Мечтая о тебе, я пришел к непреложному, как тюремное заключение заключению: что бы мы, мужчины, о себе ни думали, наш мужской космос обескураживающе прост. Одни из нас попадают в плен первого же светила, другие блуждают среди них, то сближаясь, то отдаляясь. Одни становятся спутниками быстро и навсегда, другие – на время и летят дальше, пока огромное, непререкаемое солнце не встанет поперек их пути. Орбиты одних тверды и устойчивы, орбиты других искривляются чужим тяготением и принимают, в конце концов, треугольную, а то и квадратную форму, не говоря уже об экзотических случаях многоугольности. Тем не менее, все они законны, все имеют право на существование. Инородными телами здесь являются лишь те, что превращают средства в цель, а космос – в доходный планетарий. Ты как огромное непререкаемое солнце встала на моем пути и подчинила своему притяжению. Уверен, будь на моем месте твой одногодок, ты бы с самого начала повела себя с ним иначе: снисходительно уступила бы и превратила уступку в великое и пожизненное одолжение, обращалась бы с ним по-свойски, по-хозяйски, без жалоб, откровений и реминисценций. Опережая его в развитии, была бы в житейском смысле всегда на шаг впереди, пока окончательно не разочаровалась. А там недалеко и до измены. Но полюбив взрослого мужчину, у которого умиление и нежность подкреплялись отцовским покровительством, ты погрузила меня в анабиоз не знающего времени счастья.

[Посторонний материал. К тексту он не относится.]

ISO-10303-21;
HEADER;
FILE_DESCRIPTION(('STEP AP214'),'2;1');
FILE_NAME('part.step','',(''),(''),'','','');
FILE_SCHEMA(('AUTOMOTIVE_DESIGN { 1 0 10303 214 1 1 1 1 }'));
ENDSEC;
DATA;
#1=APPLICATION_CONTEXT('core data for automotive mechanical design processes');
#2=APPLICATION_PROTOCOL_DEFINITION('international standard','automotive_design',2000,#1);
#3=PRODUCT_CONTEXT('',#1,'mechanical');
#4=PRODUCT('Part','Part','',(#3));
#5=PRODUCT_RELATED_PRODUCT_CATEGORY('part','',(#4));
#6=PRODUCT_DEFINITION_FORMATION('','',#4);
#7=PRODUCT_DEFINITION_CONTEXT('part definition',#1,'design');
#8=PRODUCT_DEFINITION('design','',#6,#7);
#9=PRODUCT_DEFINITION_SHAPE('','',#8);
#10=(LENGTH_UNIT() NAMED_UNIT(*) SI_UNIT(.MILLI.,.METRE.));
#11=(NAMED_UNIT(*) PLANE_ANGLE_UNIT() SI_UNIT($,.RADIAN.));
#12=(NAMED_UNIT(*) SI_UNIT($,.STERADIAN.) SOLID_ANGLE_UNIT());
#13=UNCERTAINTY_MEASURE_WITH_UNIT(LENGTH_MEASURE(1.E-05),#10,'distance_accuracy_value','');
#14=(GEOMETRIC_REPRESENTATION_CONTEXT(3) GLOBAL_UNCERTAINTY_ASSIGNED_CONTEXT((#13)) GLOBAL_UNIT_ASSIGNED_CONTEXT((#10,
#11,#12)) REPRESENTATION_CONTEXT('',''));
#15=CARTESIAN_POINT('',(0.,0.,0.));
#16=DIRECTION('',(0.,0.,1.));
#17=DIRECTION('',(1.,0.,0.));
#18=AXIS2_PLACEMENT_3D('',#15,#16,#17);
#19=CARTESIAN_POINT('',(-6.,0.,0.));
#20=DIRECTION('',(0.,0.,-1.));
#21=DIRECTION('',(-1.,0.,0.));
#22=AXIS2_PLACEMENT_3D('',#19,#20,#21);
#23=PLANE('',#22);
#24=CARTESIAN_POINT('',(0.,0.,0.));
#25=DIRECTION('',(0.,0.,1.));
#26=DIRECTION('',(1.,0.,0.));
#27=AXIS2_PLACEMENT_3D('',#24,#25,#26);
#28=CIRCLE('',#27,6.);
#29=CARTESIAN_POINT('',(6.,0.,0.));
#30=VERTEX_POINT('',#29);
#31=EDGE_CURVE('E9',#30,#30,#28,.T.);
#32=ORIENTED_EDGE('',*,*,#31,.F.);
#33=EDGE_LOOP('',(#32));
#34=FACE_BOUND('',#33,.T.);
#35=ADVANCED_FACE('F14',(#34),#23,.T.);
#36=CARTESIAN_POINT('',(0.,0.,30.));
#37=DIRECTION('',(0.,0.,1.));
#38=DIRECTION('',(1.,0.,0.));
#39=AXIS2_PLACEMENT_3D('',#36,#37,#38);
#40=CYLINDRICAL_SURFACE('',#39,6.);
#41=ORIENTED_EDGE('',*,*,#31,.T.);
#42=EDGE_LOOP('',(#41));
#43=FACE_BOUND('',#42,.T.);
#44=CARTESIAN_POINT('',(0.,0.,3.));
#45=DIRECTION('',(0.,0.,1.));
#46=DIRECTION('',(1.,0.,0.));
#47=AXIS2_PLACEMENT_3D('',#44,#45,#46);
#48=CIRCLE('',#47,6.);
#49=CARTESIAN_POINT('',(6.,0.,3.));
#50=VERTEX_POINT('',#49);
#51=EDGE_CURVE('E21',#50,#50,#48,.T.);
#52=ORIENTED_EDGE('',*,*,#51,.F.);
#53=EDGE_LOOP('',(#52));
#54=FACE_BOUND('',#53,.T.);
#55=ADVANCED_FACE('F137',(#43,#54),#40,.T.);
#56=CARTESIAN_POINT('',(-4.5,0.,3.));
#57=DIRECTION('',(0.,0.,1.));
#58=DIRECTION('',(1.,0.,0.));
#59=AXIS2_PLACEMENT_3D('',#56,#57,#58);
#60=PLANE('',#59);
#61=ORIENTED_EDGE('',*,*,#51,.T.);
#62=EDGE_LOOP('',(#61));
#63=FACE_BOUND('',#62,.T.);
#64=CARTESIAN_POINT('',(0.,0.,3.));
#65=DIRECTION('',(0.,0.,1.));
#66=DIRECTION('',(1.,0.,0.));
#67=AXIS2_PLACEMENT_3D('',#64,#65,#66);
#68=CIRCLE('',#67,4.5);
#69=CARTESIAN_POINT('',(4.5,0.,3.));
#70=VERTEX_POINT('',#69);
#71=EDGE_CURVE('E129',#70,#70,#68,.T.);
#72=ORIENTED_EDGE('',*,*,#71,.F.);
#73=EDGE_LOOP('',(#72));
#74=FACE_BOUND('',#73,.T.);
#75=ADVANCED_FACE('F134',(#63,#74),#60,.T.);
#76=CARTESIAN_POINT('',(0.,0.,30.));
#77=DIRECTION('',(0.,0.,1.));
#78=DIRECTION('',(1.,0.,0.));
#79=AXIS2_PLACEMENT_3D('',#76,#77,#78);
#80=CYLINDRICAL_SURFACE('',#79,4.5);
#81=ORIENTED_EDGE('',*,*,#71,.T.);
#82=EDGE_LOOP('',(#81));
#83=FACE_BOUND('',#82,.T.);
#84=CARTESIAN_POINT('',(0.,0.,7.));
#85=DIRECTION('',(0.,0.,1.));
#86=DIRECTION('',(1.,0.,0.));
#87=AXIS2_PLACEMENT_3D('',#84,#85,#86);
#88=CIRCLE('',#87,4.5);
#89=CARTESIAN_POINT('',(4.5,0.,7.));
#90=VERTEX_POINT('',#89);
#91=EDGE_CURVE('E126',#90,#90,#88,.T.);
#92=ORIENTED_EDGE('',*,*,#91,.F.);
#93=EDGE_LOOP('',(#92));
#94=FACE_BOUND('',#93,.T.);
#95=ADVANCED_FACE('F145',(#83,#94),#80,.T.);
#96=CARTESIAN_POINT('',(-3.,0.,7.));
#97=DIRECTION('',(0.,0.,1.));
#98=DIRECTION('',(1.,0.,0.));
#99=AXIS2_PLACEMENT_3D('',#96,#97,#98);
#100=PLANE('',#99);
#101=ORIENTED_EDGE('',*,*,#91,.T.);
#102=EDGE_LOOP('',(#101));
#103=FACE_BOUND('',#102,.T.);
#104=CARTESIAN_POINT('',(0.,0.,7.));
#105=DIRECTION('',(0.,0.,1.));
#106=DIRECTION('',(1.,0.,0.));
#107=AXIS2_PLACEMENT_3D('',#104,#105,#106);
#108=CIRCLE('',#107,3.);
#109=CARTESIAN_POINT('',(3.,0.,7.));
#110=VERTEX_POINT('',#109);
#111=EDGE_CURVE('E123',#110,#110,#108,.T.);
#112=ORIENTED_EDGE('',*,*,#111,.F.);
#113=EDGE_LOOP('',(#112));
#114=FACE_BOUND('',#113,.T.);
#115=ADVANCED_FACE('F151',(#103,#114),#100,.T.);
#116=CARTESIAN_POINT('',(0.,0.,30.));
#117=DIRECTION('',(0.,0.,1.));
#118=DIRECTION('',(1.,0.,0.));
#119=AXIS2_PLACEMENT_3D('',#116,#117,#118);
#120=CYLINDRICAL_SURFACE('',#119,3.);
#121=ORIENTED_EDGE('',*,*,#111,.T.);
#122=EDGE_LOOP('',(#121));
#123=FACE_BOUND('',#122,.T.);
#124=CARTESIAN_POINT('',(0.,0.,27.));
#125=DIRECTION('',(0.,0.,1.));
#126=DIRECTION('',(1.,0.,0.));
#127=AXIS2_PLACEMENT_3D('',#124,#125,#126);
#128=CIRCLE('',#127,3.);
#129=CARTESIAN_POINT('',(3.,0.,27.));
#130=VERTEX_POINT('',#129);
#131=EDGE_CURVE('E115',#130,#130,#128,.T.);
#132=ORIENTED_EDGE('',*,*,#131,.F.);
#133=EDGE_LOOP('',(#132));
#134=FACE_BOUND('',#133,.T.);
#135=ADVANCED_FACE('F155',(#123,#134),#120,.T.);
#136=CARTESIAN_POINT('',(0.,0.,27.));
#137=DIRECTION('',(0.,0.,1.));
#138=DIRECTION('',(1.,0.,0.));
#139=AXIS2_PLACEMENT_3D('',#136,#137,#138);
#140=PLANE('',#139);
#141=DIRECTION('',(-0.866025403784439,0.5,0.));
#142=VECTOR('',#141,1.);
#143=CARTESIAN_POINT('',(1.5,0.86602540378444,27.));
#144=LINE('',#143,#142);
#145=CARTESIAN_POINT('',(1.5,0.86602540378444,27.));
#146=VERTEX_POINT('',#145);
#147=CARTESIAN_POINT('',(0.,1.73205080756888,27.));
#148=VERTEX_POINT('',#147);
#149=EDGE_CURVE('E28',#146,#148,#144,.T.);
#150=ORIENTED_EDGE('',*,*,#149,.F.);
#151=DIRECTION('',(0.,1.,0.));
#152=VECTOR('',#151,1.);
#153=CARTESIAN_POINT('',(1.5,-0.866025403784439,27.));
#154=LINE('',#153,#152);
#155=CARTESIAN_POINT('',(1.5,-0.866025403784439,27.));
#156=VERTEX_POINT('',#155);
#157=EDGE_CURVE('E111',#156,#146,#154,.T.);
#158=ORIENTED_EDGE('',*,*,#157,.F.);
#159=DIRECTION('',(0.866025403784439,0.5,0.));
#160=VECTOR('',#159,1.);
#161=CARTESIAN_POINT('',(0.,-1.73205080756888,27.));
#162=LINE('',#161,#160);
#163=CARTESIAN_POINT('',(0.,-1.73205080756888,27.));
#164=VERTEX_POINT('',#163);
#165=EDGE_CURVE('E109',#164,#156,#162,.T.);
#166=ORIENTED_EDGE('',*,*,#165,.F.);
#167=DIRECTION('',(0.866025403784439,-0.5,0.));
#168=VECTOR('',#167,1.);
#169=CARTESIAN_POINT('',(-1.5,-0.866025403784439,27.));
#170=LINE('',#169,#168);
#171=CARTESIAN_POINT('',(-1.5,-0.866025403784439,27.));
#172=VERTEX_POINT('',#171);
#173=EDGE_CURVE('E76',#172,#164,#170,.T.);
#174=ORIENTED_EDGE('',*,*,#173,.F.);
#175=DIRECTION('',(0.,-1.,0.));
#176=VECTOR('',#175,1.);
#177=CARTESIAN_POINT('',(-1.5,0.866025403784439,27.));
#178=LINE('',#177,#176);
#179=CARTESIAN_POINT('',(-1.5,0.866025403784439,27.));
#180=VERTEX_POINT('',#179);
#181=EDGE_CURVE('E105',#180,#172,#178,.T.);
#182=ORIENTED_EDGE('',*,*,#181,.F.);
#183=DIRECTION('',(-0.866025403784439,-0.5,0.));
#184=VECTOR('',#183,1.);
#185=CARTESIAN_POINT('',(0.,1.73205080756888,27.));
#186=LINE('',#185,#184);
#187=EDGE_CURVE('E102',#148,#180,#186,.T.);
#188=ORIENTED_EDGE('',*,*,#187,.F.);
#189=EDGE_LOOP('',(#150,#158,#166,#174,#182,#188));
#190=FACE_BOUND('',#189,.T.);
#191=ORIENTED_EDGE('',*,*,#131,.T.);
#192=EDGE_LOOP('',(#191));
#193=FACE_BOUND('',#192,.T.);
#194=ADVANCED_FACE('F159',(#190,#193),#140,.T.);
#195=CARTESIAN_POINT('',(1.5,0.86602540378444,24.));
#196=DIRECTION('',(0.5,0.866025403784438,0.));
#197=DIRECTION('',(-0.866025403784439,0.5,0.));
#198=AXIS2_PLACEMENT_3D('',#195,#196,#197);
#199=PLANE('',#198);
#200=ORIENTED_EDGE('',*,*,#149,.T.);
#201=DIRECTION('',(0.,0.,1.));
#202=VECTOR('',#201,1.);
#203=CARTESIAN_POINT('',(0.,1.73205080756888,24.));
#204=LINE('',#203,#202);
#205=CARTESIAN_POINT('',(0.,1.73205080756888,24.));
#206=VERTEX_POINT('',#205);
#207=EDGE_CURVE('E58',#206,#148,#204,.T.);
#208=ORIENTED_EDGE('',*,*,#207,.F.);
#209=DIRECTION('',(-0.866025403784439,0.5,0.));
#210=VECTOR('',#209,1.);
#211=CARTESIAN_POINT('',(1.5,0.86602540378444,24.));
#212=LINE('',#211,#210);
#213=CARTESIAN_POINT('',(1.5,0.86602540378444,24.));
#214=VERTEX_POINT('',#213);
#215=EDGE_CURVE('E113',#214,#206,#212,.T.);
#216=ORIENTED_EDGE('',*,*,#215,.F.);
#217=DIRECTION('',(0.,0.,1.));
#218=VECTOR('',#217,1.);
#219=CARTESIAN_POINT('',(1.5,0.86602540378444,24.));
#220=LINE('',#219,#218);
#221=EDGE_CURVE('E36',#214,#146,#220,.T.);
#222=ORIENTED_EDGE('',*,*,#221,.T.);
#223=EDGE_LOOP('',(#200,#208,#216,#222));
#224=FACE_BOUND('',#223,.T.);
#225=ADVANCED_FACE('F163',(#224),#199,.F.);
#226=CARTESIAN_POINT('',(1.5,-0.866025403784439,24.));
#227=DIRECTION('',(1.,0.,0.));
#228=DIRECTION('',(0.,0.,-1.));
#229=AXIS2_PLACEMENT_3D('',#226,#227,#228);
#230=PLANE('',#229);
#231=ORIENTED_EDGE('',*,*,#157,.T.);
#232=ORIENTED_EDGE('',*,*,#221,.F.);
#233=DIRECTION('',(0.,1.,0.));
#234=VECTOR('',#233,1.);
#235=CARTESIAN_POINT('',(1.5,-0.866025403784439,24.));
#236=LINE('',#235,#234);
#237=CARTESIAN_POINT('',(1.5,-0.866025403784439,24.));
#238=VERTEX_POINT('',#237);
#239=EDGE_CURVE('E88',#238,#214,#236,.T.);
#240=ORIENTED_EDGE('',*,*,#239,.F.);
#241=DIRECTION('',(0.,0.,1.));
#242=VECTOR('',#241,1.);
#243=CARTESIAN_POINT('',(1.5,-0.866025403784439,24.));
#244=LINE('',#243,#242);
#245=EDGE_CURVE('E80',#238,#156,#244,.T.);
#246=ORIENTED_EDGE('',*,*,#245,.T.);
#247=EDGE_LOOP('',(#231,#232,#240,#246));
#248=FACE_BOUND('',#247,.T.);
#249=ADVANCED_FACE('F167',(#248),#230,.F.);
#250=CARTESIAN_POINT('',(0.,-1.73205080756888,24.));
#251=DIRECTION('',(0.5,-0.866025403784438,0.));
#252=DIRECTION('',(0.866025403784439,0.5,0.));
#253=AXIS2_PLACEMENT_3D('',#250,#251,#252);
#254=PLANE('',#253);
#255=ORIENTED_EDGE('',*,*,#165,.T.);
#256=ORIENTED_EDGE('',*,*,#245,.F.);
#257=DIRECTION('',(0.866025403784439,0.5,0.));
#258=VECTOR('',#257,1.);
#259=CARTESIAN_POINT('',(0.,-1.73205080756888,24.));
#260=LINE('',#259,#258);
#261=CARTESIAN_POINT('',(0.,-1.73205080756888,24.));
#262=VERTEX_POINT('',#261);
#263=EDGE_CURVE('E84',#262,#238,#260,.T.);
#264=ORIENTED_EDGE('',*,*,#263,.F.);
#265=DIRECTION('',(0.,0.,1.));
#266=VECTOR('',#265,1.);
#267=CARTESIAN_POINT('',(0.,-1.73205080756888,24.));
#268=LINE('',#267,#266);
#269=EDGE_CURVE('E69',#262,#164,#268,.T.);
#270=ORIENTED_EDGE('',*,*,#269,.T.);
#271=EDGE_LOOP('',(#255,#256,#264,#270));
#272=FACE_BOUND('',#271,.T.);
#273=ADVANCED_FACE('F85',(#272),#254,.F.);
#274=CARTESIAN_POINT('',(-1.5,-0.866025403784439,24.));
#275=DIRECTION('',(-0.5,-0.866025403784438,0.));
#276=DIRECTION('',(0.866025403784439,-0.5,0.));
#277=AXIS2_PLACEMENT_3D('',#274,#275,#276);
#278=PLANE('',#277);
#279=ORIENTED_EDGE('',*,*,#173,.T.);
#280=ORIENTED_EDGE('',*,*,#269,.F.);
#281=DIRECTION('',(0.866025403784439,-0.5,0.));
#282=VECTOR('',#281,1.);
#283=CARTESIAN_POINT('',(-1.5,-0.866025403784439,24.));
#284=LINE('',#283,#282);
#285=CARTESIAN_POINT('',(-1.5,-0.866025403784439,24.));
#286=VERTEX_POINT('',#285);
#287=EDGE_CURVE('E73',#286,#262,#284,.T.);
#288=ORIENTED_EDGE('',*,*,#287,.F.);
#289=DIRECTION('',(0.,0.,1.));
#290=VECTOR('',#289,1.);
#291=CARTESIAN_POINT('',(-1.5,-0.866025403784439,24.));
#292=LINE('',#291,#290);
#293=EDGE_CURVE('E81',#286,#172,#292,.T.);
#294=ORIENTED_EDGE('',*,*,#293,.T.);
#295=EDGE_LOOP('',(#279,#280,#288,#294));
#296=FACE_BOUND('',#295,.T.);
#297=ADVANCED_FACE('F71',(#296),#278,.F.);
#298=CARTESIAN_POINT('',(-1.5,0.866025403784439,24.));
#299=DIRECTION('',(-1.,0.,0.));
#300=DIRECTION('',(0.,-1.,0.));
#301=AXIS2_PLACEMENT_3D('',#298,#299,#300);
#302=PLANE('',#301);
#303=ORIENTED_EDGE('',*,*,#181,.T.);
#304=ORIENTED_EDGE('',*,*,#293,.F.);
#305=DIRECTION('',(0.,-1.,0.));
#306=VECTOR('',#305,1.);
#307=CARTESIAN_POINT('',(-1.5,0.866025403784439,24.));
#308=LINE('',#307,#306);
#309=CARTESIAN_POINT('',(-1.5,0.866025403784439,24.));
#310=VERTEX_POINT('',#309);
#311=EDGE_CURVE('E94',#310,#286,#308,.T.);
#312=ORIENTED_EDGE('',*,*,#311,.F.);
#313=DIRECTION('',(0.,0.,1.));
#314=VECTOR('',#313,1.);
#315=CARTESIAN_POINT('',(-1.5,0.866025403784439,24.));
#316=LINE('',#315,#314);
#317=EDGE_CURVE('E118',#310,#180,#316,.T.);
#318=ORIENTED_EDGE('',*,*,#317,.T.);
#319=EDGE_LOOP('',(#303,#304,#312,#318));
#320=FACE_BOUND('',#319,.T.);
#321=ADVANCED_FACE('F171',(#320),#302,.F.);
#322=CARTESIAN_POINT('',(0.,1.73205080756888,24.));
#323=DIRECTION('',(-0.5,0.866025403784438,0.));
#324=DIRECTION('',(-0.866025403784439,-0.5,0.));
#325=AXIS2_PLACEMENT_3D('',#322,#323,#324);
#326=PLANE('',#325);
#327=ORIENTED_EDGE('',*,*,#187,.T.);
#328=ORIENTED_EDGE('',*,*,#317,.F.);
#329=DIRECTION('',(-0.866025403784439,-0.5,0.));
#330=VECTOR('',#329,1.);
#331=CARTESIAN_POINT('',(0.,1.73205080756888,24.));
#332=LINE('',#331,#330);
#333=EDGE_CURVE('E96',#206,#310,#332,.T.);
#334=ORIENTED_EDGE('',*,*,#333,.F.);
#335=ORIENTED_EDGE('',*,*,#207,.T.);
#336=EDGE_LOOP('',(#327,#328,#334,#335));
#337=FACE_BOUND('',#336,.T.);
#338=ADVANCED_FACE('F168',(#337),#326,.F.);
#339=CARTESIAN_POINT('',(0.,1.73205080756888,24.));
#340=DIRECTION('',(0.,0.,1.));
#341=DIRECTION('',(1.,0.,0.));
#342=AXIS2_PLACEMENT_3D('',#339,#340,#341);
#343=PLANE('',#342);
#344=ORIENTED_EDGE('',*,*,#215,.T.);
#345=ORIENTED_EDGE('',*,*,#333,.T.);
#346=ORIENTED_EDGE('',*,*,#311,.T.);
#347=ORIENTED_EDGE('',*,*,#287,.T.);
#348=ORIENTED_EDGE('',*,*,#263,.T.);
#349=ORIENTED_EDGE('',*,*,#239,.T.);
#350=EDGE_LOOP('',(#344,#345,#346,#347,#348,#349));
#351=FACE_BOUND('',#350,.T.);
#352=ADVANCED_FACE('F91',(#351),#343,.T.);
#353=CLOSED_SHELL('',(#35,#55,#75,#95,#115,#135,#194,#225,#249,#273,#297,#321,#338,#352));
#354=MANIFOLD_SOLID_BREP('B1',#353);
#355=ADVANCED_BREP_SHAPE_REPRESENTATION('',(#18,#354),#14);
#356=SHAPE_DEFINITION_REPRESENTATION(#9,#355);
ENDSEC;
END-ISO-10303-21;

После долгих лет никчемного существования мое безжизненное, пересохшее сердце затопил живительный ливень женской заботы. Воскресшее, оно стучало победно и радостно. С мира будто сдернули серую пелену, и он предстал передо мной, как после грозы – живой, яркий и праздничный. Спали покровы, пали оковы, распахнулись альковы, сошлись пылающие антимиры и соединились в один пожар. Юдоль печали – вот чем был до тебя мой дом. Нежные ласки и телесные восторги в нем не проживали. С тобой мне стали доступны простые и ранее невозможные вещи. Помнишь, как встречая тебя в нашей тесной прихожей, я стискивал тебя и горячечной скороговоркой сообщал, что соскучился. Как ходил за тобой, норовя поцеловать. Как перед сном ты приходила из ванной, скидывала халат, поворачивалась ко мне спиной, и я срастался с тобой, а ты цеплялась за мои руки, прижималась ко мне щекой и ослабела под моим любовным массажем. Как целовал тебя на виду у прохожих и шептал: “Люблю тебя…”. Ах, да что говорить: уж если твой обычный дневной звонок звучал для меня прекрасней, чем ода “К радости” (звоню из театра, чтобы сказать, как я тебя люблю!), можно себе представить, каким пиршеством становилась наша близость! Ты засыпала в моих объятиях и оставляла меня один на один с только что сыгранной нами сценой, где еще отливались серебристо-лунным блеском декорации, где мы звали друг друга в предсмертном любовном бреду и корчились в сладостных конвульсиях солидарного оргазма. Бывало, нависнув и высунув розовый кончик язычка, ты тонким пальчиком разглаживала мой лоб, рисовала мне брови, нос, губы, подбородок, а затем опечатывала их щедрыми поцелуями, отправляла в архив памяти на вечное хранение и принималась делиться со мной интимными ощущениями. Только с тобой я узнал, что обсуждение влюбленными их соитий и есть то самое острое удовольствие, та самая пряность, которая возвышает вкус главного блюда и отличает нас от животных. Как жаль, что у многих этот лакомый дискурс со временем съеживается до нескольких необязательных фраз! Помню, как ты ополчилась на лампы дневного света и заставила заменить их старыми добрыми лампами накаливания, в которых пылала родственница той самой дуги, о которой еще Блок говорил: “Ты нам мстишь, электрический свет! Ты – не свет от зари, ты – мечта от земли…” Откуда Блоку было знать, что по сравнению с мертвящим неоном электрический свет – само милосердие…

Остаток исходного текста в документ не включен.